Every line below from the one containing "line L18 (7.7835, -0.4079)" through the one containing "line L27 (2.7932, -7.2765)" must be transcribed exactly. Omit all lines outside that stretch.
---------- THE RECORDS
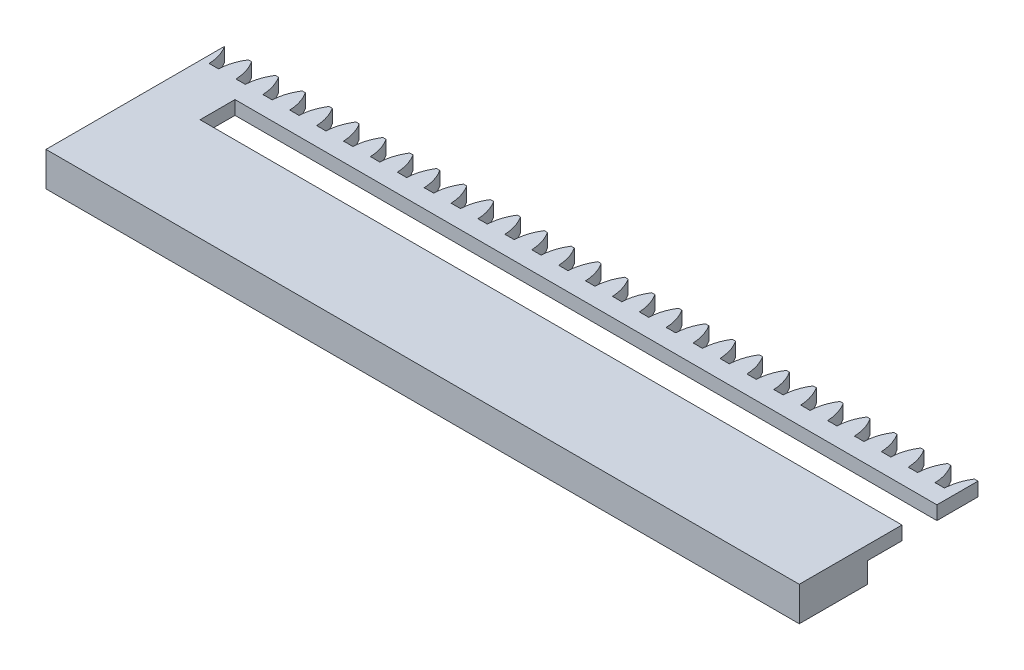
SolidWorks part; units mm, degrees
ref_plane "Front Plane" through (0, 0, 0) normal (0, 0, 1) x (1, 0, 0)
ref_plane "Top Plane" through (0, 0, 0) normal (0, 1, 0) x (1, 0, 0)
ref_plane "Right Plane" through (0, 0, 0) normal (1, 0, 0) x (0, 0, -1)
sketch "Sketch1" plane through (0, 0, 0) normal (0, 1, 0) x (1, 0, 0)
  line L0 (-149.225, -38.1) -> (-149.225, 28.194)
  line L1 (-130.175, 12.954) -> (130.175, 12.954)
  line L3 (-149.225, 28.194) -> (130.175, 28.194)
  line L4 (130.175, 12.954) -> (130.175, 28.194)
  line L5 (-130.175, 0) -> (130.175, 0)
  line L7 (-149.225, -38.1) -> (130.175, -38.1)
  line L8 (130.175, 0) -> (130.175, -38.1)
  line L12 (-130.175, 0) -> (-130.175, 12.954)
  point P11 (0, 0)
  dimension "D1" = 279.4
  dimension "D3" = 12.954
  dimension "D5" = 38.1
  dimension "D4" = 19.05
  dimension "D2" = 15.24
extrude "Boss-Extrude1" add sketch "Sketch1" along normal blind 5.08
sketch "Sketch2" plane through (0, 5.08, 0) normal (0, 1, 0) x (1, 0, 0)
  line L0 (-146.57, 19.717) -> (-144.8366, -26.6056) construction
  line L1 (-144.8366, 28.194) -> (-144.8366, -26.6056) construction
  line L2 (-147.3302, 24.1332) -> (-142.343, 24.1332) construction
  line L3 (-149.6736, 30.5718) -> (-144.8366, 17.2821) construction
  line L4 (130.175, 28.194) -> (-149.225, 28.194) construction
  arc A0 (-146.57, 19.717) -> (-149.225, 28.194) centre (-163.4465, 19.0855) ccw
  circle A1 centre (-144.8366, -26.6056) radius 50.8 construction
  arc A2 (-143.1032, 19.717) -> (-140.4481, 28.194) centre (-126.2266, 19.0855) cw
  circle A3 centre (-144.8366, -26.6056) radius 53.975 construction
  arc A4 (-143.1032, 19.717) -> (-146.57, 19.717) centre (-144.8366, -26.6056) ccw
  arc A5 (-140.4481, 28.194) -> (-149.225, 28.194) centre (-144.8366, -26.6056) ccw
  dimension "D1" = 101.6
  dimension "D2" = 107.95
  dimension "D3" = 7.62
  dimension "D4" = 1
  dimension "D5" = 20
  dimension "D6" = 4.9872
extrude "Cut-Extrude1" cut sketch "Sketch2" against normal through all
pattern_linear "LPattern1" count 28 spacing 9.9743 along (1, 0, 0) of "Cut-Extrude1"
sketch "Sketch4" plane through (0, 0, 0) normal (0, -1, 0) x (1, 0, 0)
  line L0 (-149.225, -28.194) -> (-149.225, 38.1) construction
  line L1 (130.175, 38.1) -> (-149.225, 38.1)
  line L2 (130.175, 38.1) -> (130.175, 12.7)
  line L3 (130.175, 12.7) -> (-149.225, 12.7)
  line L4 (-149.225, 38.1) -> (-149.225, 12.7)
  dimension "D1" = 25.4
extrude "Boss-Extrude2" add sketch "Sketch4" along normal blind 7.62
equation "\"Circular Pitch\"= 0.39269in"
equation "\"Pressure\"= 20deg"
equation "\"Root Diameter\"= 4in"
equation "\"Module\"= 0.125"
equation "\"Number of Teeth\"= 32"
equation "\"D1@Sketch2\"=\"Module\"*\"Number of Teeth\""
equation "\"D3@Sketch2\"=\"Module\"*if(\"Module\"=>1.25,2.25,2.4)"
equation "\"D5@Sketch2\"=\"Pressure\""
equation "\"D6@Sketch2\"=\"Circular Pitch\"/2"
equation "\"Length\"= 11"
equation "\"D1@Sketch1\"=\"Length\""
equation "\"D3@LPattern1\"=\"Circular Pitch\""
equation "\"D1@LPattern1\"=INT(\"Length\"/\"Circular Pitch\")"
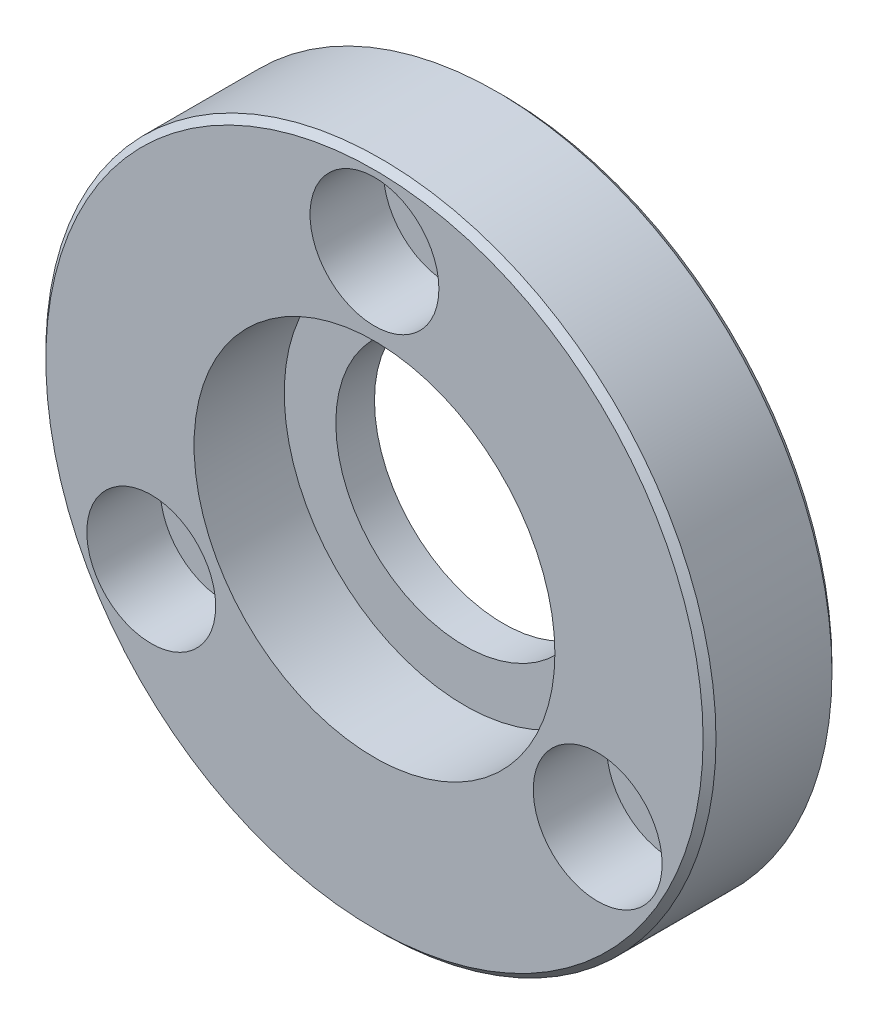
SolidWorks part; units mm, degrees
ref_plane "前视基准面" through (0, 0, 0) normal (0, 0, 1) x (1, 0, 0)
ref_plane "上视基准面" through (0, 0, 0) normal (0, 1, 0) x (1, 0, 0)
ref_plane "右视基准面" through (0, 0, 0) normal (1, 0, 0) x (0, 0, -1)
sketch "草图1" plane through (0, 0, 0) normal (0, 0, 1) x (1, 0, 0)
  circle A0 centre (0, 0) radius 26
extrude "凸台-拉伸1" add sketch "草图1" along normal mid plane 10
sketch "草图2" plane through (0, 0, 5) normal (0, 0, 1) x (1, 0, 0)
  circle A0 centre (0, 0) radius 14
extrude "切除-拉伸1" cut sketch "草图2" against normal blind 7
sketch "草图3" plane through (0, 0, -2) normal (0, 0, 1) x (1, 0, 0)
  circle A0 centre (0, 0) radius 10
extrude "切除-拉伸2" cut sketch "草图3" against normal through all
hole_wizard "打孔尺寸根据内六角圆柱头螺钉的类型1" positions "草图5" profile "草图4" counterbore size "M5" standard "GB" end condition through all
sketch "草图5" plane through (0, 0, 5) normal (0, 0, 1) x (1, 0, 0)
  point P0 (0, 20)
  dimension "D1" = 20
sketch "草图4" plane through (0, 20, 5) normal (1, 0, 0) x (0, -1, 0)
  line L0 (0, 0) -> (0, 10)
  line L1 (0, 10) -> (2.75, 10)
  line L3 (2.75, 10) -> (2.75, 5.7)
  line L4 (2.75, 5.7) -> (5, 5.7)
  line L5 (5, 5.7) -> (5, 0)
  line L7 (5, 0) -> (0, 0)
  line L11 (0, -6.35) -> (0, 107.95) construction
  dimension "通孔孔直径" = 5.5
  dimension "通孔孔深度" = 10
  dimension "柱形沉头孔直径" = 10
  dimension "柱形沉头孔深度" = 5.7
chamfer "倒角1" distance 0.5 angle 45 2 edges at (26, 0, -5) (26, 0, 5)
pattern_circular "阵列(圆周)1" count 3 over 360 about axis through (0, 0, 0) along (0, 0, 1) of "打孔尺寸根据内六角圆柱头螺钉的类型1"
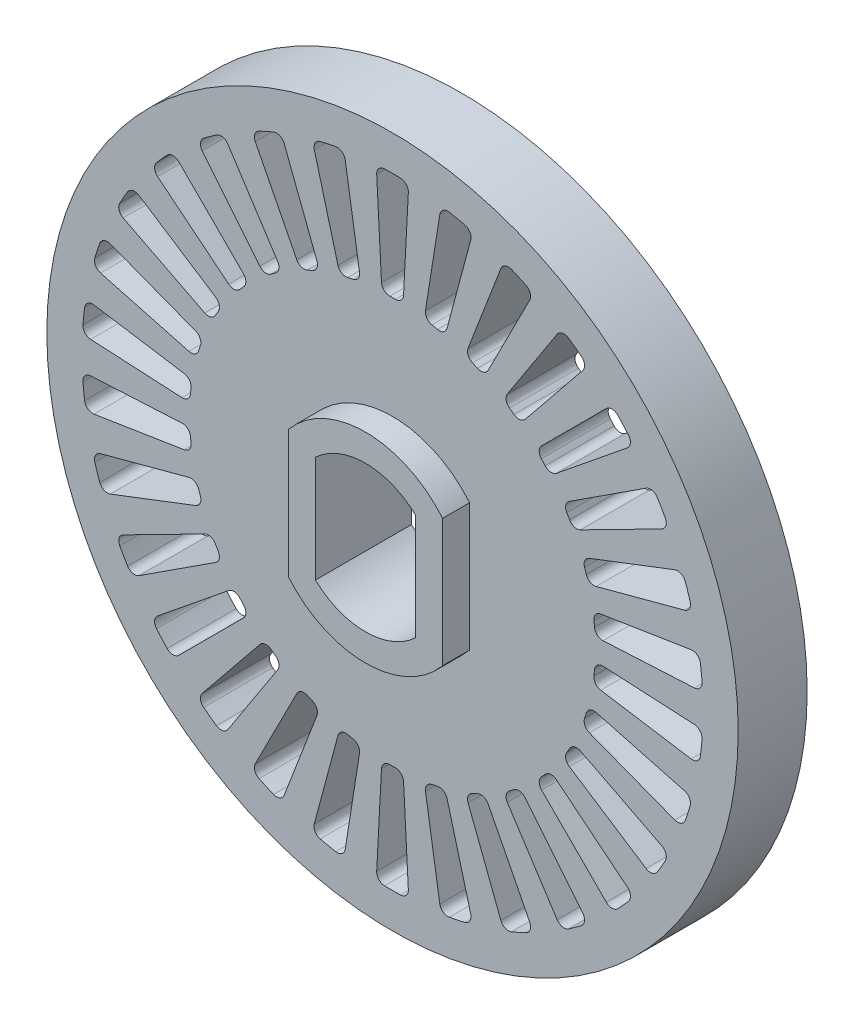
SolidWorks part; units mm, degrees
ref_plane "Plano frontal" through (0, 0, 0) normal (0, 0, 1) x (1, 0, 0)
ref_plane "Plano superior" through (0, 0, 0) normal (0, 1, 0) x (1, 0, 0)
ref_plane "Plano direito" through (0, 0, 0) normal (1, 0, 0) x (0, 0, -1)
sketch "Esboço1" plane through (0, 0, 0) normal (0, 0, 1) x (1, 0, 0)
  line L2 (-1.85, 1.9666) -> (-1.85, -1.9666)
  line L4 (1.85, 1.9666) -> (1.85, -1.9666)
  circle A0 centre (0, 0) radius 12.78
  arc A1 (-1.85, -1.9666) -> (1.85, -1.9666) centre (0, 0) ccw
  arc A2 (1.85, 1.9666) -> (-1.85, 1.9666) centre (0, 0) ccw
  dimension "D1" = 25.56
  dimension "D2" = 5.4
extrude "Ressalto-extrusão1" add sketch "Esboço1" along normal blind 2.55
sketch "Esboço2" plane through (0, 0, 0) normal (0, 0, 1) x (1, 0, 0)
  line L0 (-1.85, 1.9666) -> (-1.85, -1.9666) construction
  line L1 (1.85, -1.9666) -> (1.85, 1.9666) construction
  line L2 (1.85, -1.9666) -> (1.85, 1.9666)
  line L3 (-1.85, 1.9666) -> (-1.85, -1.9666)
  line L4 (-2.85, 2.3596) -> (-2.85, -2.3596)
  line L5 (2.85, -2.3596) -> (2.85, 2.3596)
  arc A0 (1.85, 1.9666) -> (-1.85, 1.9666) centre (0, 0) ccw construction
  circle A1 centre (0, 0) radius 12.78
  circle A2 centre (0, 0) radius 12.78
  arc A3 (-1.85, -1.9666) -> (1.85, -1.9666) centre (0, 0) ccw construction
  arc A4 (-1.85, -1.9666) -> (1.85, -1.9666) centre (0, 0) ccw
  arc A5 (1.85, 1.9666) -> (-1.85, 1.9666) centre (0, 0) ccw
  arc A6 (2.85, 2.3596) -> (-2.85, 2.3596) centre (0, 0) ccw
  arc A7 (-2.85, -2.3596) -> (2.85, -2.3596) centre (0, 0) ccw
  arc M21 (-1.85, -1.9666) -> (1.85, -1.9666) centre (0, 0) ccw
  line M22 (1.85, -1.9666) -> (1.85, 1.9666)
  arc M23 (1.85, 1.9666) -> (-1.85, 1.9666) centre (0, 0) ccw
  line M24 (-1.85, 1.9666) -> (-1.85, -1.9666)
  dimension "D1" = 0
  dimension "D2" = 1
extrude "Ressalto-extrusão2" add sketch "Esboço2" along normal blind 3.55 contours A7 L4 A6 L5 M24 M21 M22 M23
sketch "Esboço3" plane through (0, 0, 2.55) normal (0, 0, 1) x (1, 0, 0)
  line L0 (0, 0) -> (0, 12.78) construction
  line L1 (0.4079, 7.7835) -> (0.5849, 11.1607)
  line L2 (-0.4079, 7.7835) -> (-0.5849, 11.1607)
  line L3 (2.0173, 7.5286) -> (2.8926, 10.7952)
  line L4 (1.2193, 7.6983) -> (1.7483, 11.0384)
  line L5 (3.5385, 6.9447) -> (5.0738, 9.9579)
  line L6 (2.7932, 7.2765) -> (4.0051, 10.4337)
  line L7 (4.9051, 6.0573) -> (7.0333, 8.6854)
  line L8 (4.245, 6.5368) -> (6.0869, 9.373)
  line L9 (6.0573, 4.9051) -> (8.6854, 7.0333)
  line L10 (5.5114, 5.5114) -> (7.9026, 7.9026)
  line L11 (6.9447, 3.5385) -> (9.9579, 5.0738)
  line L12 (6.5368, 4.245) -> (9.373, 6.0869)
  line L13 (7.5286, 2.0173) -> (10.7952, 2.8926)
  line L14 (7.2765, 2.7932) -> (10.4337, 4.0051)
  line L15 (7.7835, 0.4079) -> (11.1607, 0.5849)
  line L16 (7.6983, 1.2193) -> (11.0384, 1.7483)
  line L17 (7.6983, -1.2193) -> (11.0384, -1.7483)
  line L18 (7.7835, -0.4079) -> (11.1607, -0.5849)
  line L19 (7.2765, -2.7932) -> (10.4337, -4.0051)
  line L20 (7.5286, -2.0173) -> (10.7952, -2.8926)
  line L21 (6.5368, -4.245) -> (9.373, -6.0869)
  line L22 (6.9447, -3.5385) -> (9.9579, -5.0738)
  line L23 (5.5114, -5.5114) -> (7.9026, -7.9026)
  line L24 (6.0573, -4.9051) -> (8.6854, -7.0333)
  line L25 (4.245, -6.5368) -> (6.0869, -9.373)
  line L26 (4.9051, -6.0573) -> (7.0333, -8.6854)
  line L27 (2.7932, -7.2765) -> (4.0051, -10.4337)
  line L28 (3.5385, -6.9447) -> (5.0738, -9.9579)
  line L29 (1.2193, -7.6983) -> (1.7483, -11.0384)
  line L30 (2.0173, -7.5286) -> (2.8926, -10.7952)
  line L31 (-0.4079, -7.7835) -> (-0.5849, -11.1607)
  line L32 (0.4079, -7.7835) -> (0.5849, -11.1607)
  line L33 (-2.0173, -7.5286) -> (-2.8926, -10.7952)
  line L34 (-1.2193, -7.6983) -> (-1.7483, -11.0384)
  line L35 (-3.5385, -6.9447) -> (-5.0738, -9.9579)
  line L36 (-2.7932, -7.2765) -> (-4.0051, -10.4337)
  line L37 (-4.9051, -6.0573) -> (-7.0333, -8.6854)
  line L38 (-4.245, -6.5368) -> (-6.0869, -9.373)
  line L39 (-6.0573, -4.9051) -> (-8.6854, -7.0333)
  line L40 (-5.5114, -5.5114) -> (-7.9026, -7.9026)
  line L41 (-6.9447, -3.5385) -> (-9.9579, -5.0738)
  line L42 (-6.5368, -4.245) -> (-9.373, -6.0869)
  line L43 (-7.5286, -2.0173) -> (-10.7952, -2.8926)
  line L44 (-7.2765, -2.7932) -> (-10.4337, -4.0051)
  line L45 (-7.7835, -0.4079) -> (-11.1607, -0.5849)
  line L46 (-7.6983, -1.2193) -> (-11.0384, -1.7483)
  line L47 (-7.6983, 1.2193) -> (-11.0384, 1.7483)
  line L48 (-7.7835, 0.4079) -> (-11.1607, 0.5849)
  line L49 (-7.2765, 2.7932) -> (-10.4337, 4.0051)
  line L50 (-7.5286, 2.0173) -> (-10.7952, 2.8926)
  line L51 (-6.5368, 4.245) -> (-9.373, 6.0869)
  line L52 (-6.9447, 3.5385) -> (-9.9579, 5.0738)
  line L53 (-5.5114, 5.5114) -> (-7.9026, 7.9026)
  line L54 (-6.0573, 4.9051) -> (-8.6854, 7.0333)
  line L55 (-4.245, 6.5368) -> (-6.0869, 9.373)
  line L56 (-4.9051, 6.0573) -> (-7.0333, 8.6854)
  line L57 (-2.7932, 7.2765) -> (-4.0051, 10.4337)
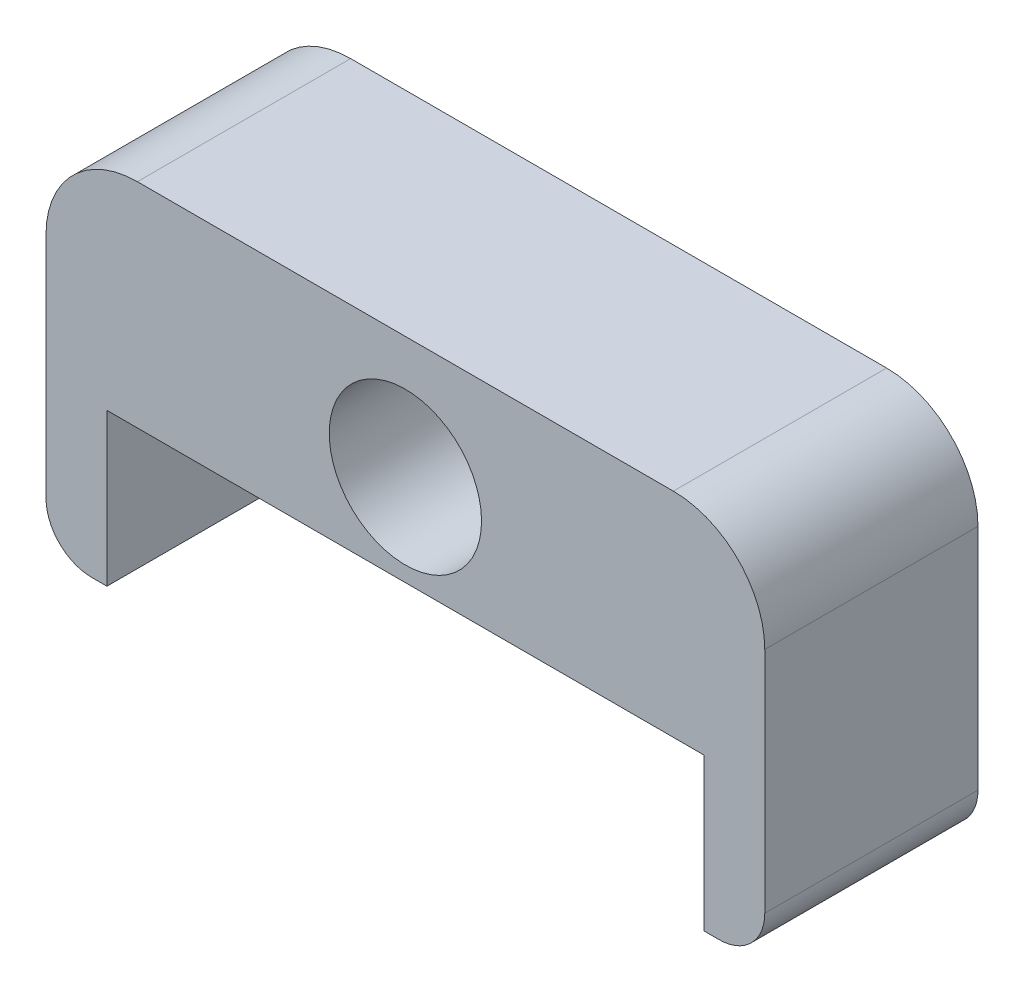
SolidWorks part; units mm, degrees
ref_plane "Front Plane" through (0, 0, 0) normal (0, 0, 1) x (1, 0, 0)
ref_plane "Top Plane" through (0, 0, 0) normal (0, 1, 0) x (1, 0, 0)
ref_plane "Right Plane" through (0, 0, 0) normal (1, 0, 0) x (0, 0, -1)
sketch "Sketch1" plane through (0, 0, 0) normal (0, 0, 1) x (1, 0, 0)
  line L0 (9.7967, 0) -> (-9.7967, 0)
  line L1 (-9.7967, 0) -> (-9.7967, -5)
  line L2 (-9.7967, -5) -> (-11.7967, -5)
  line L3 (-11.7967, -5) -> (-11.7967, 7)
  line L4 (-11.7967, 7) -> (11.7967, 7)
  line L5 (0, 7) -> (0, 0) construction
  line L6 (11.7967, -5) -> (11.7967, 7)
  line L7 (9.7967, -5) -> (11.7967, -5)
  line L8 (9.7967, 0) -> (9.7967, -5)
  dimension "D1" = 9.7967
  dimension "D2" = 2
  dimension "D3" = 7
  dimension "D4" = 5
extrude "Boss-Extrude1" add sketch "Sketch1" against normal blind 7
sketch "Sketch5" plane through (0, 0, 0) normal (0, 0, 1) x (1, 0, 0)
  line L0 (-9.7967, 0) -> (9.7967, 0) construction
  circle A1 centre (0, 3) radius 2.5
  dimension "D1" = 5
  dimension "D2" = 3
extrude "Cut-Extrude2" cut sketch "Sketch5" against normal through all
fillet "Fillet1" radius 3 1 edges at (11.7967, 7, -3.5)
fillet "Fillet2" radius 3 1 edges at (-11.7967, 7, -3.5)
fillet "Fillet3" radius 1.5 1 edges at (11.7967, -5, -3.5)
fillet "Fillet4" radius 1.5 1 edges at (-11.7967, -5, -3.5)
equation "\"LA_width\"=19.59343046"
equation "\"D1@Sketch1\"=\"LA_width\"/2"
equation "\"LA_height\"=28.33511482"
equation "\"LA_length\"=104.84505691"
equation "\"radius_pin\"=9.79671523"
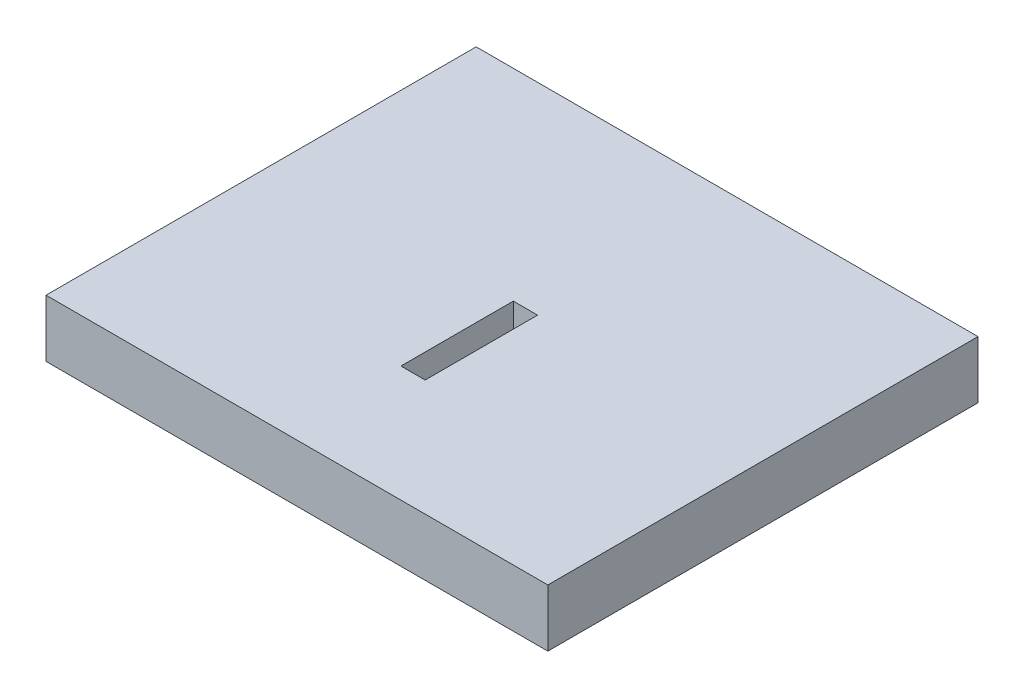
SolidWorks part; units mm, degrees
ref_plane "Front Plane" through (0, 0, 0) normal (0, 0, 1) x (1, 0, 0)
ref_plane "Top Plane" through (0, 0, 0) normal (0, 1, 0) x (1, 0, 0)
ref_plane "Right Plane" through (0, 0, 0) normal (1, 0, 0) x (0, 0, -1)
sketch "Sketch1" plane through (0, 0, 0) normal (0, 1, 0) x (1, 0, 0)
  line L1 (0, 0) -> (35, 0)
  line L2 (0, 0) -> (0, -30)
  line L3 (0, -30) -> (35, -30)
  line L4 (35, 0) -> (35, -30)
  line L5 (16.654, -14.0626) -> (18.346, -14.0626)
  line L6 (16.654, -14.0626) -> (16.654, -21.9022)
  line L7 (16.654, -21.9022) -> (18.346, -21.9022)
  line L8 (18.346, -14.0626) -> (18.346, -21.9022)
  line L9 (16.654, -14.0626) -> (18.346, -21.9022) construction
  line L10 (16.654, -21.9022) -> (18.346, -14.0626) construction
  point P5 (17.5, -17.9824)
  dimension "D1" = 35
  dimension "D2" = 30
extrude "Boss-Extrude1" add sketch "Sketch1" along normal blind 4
--------------------
EXERCISE RESPONSE:
  line L18 (7.7835, -0.4079) -> (11.1607, -0.5849)
  line L19 (7.2765, -2.7932) -> (10.4337, -4.0051)
  line L20 (7.5286, -2.0173) -> (10.7952, -2.8926)
  line L21 (6.5368, -4.245) -> (9.373, -6.0869)
  line L22 (6.9447, -3.5385) -> (9.9579, -5.0738)
  line L23 (5.5114, -5.5114) -> (7.9026, -7.9026)
  line L24 (6.0573, -4.9051) -> (8.6854, -7.0333)
  line L25 (4.245, -6.5368) -> (6.0869, -9.373)
  line L26 (4.9051, -6.0573) -> (7.0333, -8.6854)
  line L27 (2.7932, -7.2765) -> (4.0051, -10.4337)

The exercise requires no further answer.